I have read the hole "Upgrading your snowblower lights to LED lights" and it was really informant! )

The only thing i need to know now is how much Watt can i install on my snowblower light. Is the maximum 15w (in this case 15w led with a bridge rectifier installed) or can i put more watt (say 36w) or will it damage my snowblower?

Thank you so much
Robin M


----------



## UNDERTAKER (Dec 30, 2013)

ALOHA to the forms..


----------



## liftoff1967 (Jan 15, 2014)

bubbenboy_90 said:


> Thank you so much for the answers! Sorry for posting the in the wrong forum. How do i change it or can some admin do it?
> 
> I have read the hole "Upgrading your snowblower lights to LED lights" and it was really informant! )
> 
> ...


I believe admin will have to do something with it. I would not worry about it, it will just fall by the way side in time. 

You would need a meter to see what your output on your Honda is. Most guys have been running (2) 10 watt LED's and not having any issue. If you don't have hand warmers, I would "suspect" you will be ok. 

As mentioned before, additional questions should be asked on LED light thread. Lotta people smarter than I. Being the off season however, you may need to wait a while to get answers.


----------



## UNDERTAKER (Dec 30, 2013)

db9938 said:


> This is not a Honda thread, but I hope that it helps. (And do not worry about your english, most of us can not use it correctly either.)
> 
> http://www.snowblowerforum.com/foru...rading-your-snowblower-lights-led-lights.html


 and I thought's you is a teacher there DB9388.


----------



## bubbenboy_90 (Jul 27, 2014)

Okey. I will post in the Led light thread and ask. Hoppfully they will have the right answer  When i measure my output on my honda am i going to measure the Ac and se where my volt lands?


----------



## UNDERTAKER (Dec 30, 2013)

bubbenboy_90 said:


> Okey. I will post in the Led light thread and ask. Hoppfully they will have the right answer  When i measure my output on my honda am i going to measure the Ac and se where my volt lands?


IT is direct current not ac. between 12-14 volts would be my guess.


----------



## liftoff1967 (Jan 15, 2014)

bubbenboy_90 said:


> Okey. I will post in the Led light thread and ask. Hoppfully they will have the right answer  When i measure my output on my honda am i going to measure the Ac and se where my volt lands?


Robin. 
Re read the 4th line in the very first post on the LED thread. There you will have your answer.


----------



## db9938 (Nov 17, 2013)

POWERSHIFT93 said:


> and I thought's you is a teacher there DB9388.


I am, but not an english teacher....

Nowadays, kids write like they text.

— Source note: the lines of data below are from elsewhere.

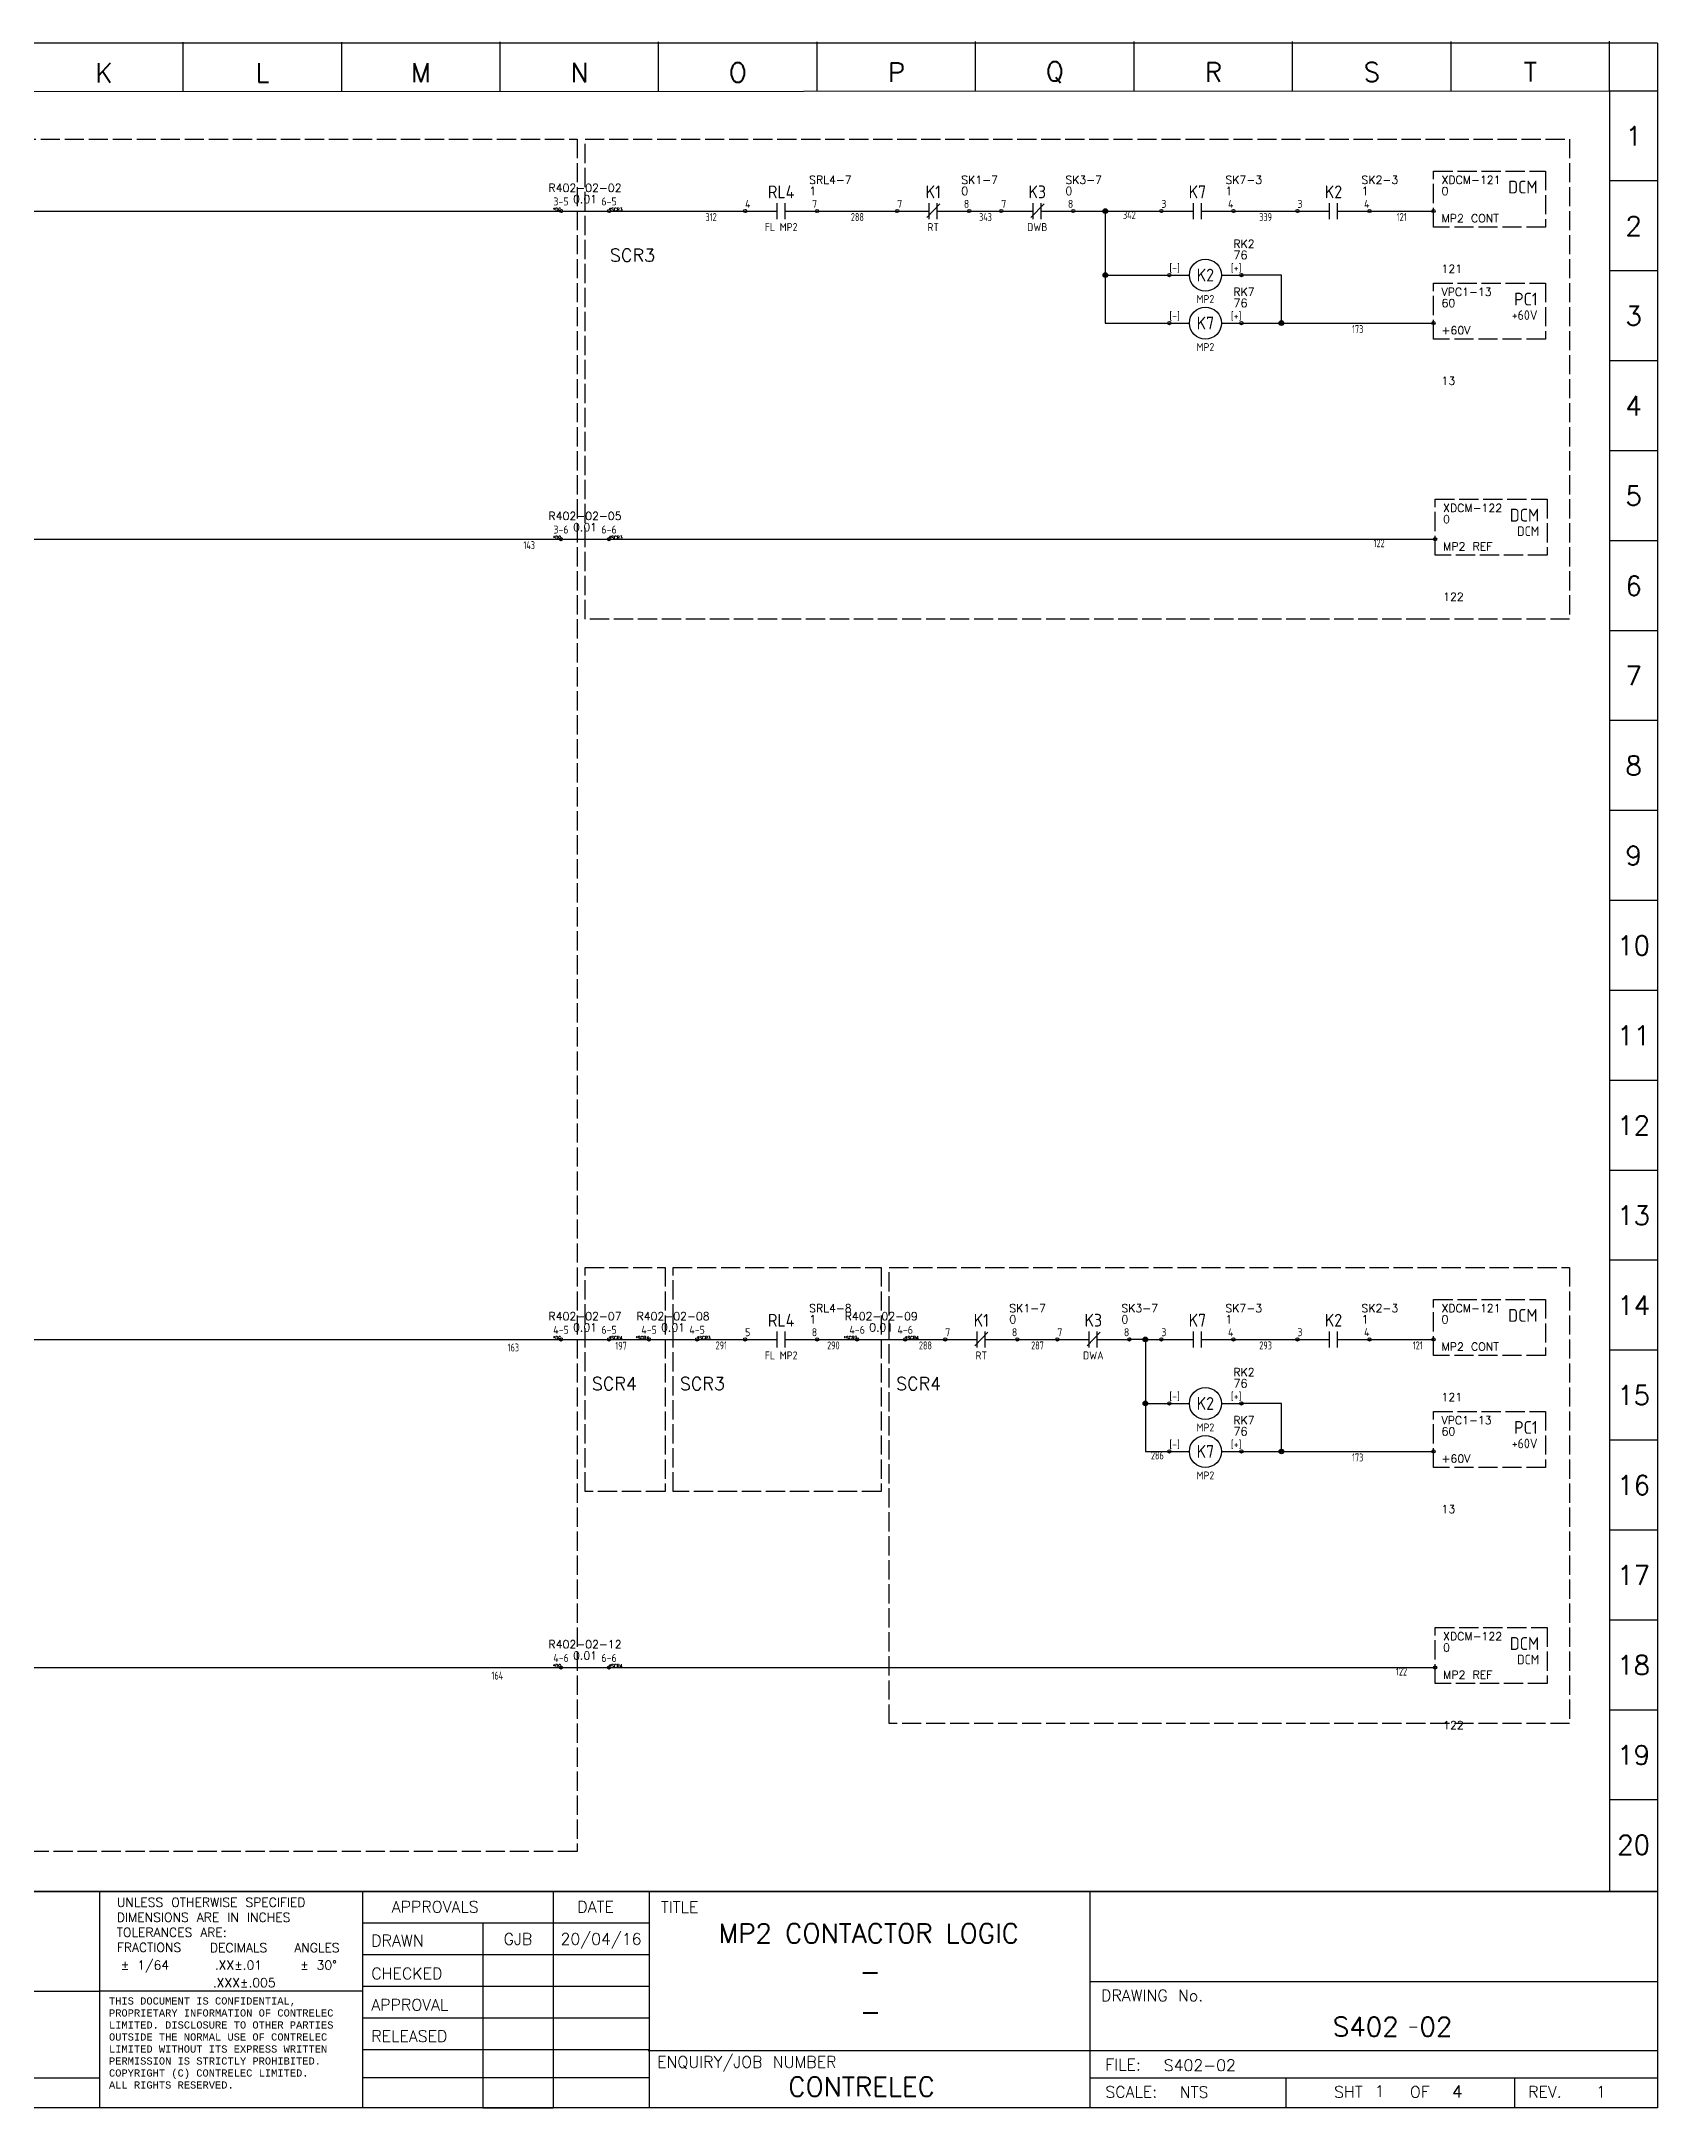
# Model space of a CAD drawing. Header units: millimetres. Extents: x 0 to 1020, y 0 to 646.
# Drawn here: x 515 to 1020, y 0 to 646 of the extents above; entities that cross this region are included whole.
import ezdxf
from ezdxf.enums import TextEntityAlignment as Align

# ---------------------------------------------------------------- set-up
doc = ezdxf.new("R2010")
doc.units = ezdxf.units.MM
doc.header["$LTSCALE"] = 0.5
doc.linetypes.add('ACAD_ISO02W100', pattern=[15, 12, -3])
for name, color, linetype in [('LOCBOX', 7, 'ACAD_ISO02W100'), ('NETLIST', 50, 'Continuous'), ('OUTLINE_0', 7, 'Continuous'), ('OUTLINE_GRID', 7, 'Continuous'), ('SYMS', 7, 'Continuous'), ('WIREFIXED', 7, 'Continuous'), ('WIRES', 7, 'Continuous')]:
    doc.layers.add(name, color=color, linetype=linetype)
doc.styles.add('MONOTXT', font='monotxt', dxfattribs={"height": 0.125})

It is maddening, and now I understand how tho country is being lapped by other countries.


----------



## superedge88 (Nov 26, 2013)

POWERSHIFT93 said:


> IT is direct current not ac. between 12-14 volts would be my guess.


It's AC.


----------



## liftoff1967 (Jan 15, 2014)

superedge88 said:


> It's AC.


Hay Super. Nice to see ya around. Hope your having a good summer. Was over in your town on the bike yesterday.


----------



## superedge88 (Nov 26, 2013)

liftoff1967 said:


> Hay Super. Nice see ya around. Hope your having a good summer. Was over in your town on the bike yesterday.


Thank you, that is very nice of you to say! I've been lurking around. I've got so much work to do on snowblowers, things have been a little derailed with my first child due in September.


----------



## db9938 (Nov 17, 2013)

superedge88 said:


> Thank you, that is very nice of you to say! I've been lurking around. I've got so much work to do on snowblowers, things have been a little derailed with my first child due in September.


Hey congrats, I'm here on the couch with #4 asleep, beside me. 

Just remember, if they cry, they are either wet, hungry, or tired. It is really that simple, but check the things above in that order.


----------



## superedge88 (Nov 26, 2013)

db9938 said:


> Hey congrats, I'm here on the couch with #4 asleep, beside me.
> 
> Just remember, if they cry, they are either wet, hungry, or tired. It is really that simple, but check the things above in that order.


I'll do that, thanks!


----------



## liftoff1967 (Jan 15, 2014)

superedge88 said:


> Thank you, that is very nice of you to say! I've been lurking around. I've got so much work to do on snowblowers, things have been a little derailed with my first child due in September.


Congratrs man. My little one is is headn off to his second year of college. Enjoy the children, as all it takes is a snap of the fingers and they are all grown up. 

After this holiday season, I get a BIG pay raise, as he is on his own with college payments. Maybe a new Ariens,,,,,,,


----------